Low-income students face a range of college access barriers

Low-income students face a range of barriers to accessing college, and research has found that talented students from low-income households still don’t apply to selective colleges at the rates they should.

Qualified underrepresented students may not enroll in college because they doubt their ability to afford college, to be admitted, to succeed academically once enrolled, or to fit in on campus, writes senior analyst Gelsey Mehl for EAB‘s Enrollment Management Forum.

Even when these students attempt to apply and enroll, they may encounter procedural barriers (like the FAFSA) and receive insufficient support to navigate the complex admission and enrollment process, she adds.

However, a new study  has found a low-cost way to recruit and enroll more underrepresented students. The study, published by the National Bureau of Economic Research, examined the effects of a targeted-outreach campaign for low-income students at the University of Michigan (U-M).

The campaign, called the High Achieving Involved Leader (HAIL) scholarship, encourages highly qualified, low-income students to apply to the university and promises them free tuition for four years, with no requirement to fill out the FAFSA. The university also sent the scholarship information to two top influencers on school choice—parents and high school principals.

Each letter, which costs less than $10 to produce and mail, was enclosed in an envelope emblazoned with the university’s blue-and-yellow colors, writes Chris Quintana for Chronicle of Higher Education. And the words “free tuition” conspicuously appeared several times throughout the letter.

Overall, HAIL packet recipients were more than twice as likely to apply than non-recipients (67% vs. 26%) and enroll (27% vs. 12%). “Our results show a low-cost intervention can profoundly alter student application to and enrollment at highly selective colleges,” write the U-M researchers.

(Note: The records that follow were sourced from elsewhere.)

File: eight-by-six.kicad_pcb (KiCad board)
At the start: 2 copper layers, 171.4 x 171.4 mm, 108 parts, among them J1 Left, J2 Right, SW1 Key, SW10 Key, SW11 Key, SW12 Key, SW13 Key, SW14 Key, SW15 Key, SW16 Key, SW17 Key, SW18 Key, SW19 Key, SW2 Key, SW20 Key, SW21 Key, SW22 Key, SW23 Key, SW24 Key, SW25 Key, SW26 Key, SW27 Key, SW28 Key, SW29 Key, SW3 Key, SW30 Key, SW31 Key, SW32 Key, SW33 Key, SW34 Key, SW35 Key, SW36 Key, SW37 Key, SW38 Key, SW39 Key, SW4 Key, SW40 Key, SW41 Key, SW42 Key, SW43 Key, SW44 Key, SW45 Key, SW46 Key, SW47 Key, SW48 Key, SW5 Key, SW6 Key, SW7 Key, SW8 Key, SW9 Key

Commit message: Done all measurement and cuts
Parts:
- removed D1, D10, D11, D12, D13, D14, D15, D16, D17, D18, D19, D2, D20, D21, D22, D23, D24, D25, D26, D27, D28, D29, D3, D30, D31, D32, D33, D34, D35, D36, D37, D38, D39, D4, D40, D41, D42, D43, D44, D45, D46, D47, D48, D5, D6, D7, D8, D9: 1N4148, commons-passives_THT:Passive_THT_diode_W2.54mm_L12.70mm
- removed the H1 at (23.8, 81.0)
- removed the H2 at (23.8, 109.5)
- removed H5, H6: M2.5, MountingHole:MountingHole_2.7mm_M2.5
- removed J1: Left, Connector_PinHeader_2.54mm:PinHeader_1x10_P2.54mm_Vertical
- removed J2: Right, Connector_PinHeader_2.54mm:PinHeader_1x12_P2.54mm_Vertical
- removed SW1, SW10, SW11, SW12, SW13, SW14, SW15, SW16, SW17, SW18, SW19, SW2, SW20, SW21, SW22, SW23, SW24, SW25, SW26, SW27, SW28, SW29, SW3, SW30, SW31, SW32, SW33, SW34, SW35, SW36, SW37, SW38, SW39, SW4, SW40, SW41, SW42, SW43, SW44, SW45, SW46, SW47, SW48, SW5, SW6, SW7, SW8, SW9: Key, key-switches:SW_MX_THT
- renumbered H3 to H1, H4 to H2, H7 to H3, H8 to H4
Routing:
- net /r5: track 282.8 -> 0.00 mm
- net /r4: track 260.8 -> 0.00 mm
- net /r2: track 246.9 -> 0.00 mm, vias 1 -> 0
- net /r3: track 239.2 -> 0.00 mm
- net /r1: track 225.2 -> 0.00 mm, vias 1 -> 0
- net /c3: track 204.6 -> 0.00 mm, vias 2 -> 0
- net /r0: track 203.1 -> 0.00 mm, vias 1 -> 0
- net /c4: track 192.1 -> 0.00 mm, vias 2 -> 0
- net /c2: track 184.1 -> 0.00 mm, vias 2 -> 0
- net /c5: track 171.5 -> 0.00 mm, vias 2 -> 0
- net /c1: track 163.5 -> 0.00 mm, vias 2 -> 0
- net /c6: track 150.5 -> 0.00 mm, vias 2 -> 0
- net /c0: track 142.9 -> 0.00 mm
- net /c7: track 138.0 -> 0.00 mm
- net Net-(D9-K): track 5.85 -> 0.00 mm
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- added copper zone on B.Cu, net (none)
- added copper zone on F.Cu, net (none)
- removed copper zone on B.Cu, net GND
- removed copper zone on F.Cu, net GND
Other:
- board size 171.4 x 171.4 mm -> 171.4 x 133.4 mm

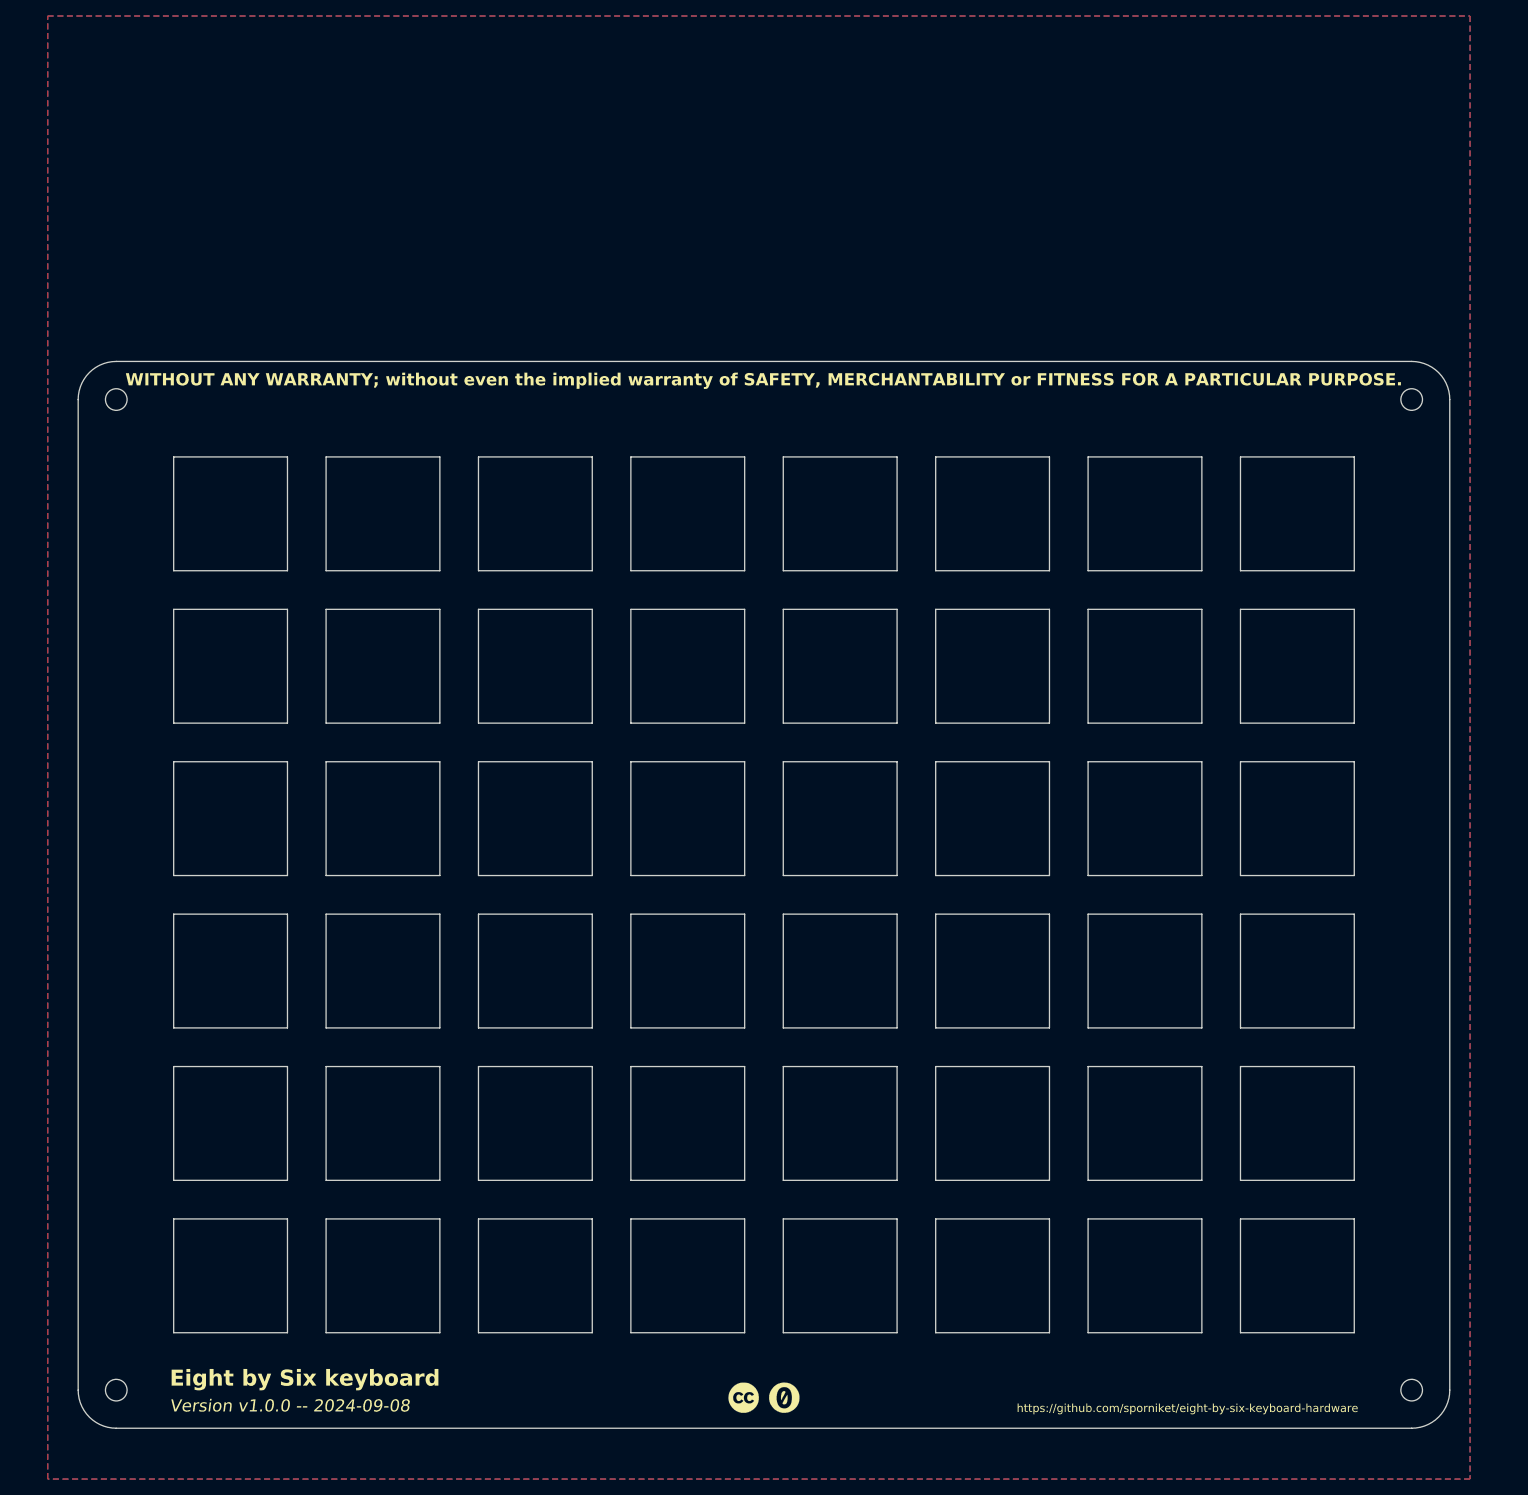
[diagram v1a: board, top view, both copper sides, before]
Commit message: change the mention of 'hardware' to 'plate', adjust the look of the plate
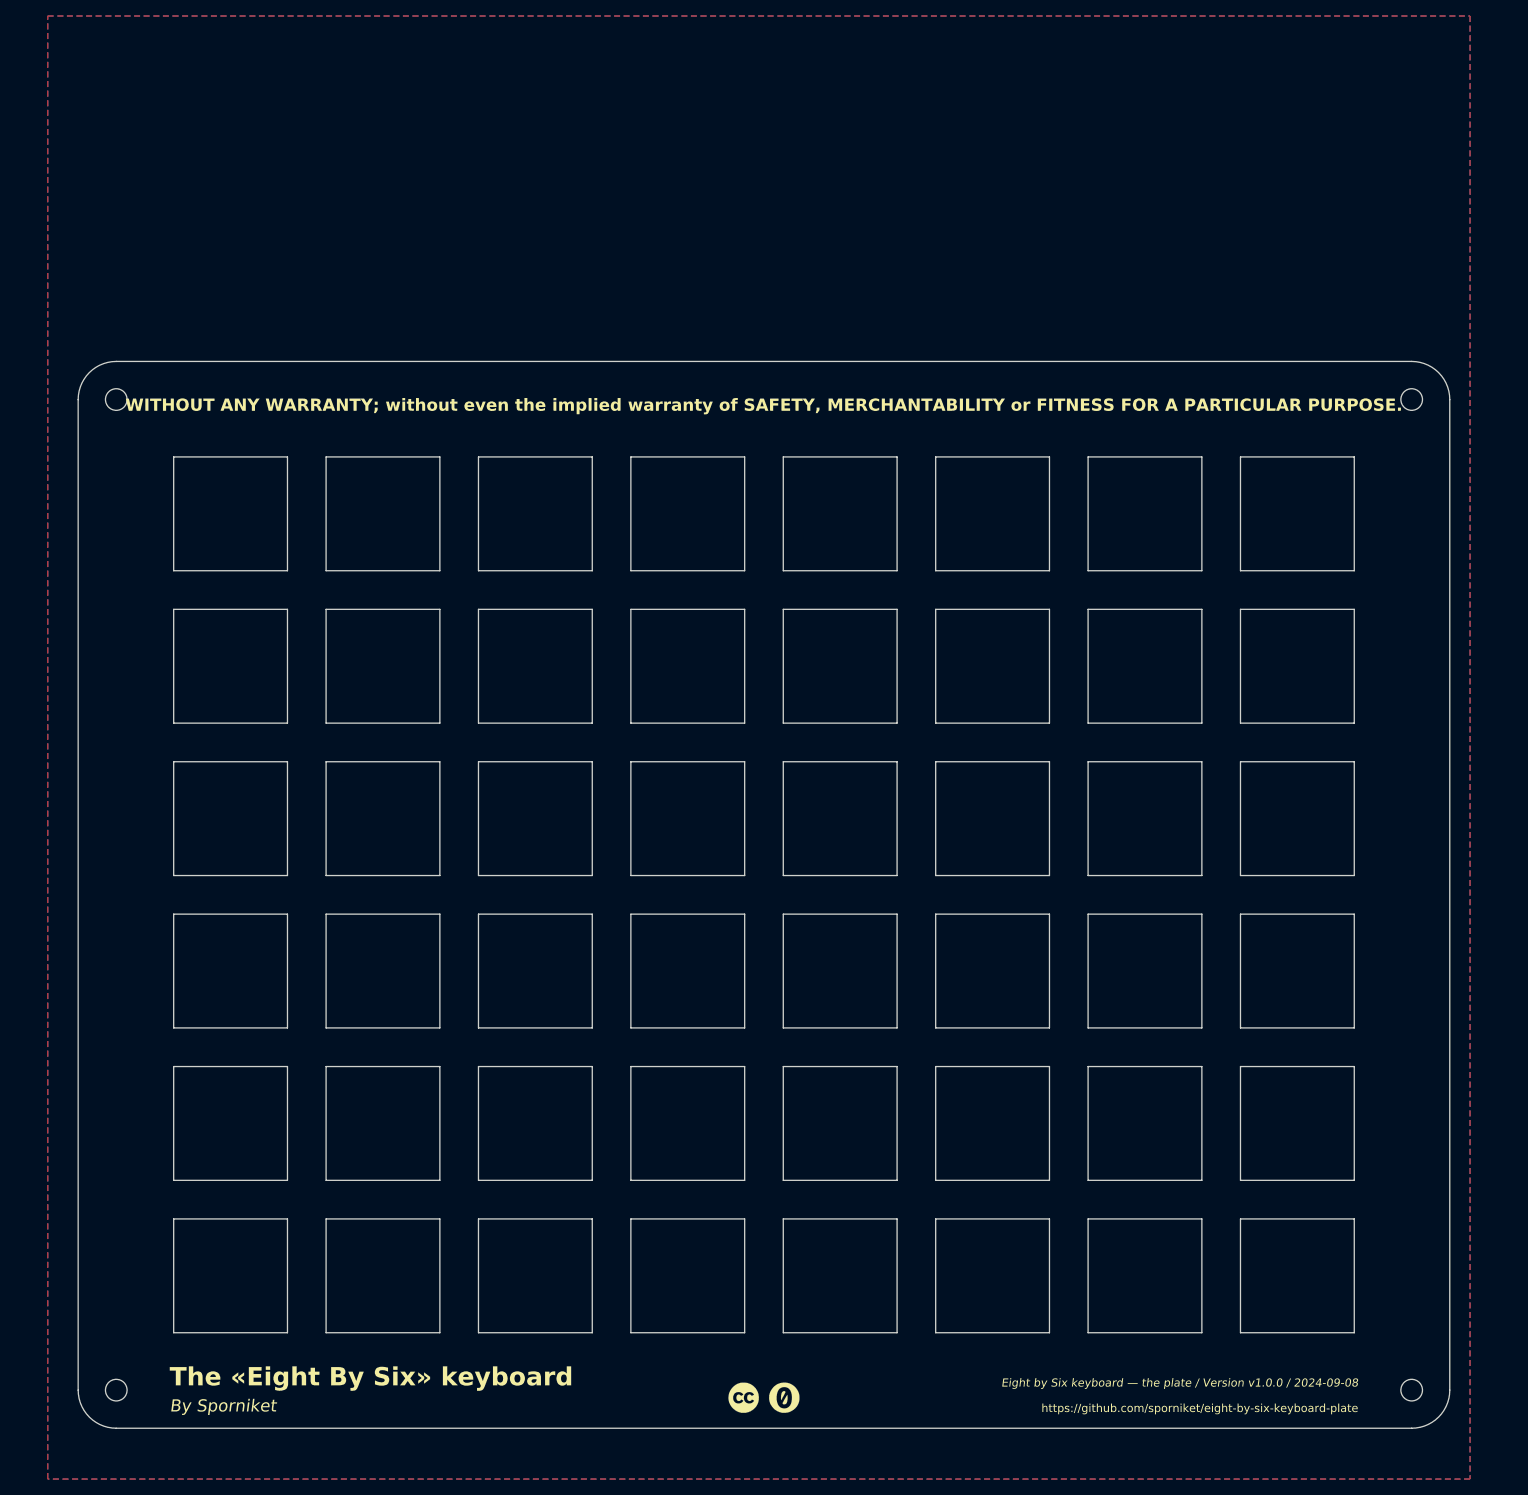
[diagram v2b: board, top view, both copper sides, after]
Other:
- board text added: "${TITLE} / Version ${REVISION} / ${ISSUE_DATE}"
- board text added: "By ${COMPANY}"
- board text added: "The «Eight By Six» keyboard"
- board text removed: "${TITLE}"
- board text removed: "Version ${REVISION} -- ${ISSUE_DATE}"
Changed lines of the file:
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@@
   (paper "A4" portrait)
   (title_block
-    (title "Eight by Six keyboard")
+    (title "Eight by Six keyboard — the plate")
     (date "2024-09-08")
     (rev "v1.0.0")
     (company "Sporniket")
     (comment 1 "All dimensions are in mm. Tolerance depends on manufacturer.")
-    (comment 3 "https://github.com/sporniket/eight-by-six-keyboard-hardware")
+    (comment 3 "https://github.com/sporniket/eight-by-six-keyboard-plate")
     (comment 4 "Original repository :")
   )
@@
     (effects (font (size 1.016 1.016) (thickness 0.1524)) (justify right bottom))
   )
-  (gr_text "WITHOUT ANY WARRANTY; without even the implied warranty of SAFETY, MERCHANTABILITY or FITNESS FOR A PARTICULAR PURPOSE." (at 104.775 117.475) (layer "F.SilkS")
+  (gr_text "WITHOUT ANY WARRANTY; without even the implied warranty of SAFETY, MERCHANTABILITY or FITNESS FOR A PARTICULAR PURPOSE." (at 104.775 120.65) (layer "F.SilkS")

The researchers also found that some of the students enrolling at U-M wouldn’t have gone to college at all if they had not received a letter. “One-quarter of the enrollment effect (four percentage points) is driven by students who would not have attended any college in the absence of the treatment,” the report reads. “The balance would have attended a community college or a less selective four-year college in the absence of the treatment.”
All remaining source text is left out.